### Requirement:
Collect the lines of the entries where "centre" shows up.

### Data for this task:
====================

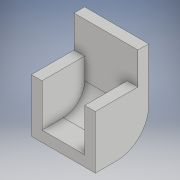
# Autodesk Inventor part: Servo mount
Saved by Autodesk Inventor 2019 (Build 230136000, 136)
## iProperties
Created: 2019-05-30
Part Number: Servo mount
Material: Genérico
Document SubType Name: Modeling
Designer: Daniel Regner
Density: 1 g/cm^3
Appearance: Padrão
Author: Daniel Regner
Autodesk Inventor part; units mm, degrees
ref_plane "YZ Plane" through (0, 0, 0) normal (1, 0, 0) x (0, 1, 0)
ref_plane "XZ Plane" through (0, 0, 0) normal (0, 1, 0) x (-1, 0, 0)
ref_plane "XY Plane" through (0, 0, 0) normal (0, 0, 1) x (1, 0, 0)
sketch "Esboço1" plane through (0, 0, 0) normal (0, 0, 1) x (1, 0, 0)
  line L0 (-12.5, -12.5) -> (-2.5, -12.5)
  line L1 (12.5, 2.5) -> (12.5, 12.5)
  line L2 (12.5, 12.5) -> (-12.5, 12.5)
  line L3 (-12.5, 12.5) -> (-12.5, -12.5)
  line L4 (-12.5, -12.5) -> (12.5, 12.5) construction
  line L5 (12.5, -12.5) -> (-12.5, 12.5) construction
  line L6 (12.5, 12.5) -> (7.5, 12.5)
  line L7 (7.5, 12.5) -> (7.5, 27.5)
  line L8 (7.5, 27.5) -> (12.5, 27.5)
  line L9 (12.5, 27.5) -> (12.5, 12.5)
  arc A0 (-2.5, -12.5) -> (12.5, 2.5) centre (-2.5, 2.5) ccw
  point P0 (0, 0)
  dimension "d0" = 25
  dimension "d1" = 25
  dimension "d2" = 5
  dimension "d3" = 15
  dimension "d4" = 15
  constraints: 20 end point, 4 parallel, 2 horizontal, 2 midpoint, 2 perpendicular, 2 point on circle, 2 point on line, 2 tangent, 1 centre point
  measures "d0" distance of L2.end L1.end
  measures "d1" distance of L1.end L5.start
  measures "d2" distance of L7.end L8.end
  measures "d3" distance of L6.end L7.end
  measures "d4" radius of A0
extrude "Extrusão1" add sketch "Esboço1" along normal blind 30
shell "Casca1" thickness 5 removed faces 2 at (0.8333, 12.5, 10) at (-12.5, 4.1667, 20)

====================

### Answer for the task:
  arc A0 (-2.5, -12.5) -> (12.5, 2.5) centre (-2.5, 2.5) ccw
  constraints: 20 end point, 4 parallel, 2 horizontal, 2 midpoint, 2 perpendicular, 2 point on circle, 2 point on line, 2 tangent, 1 centre point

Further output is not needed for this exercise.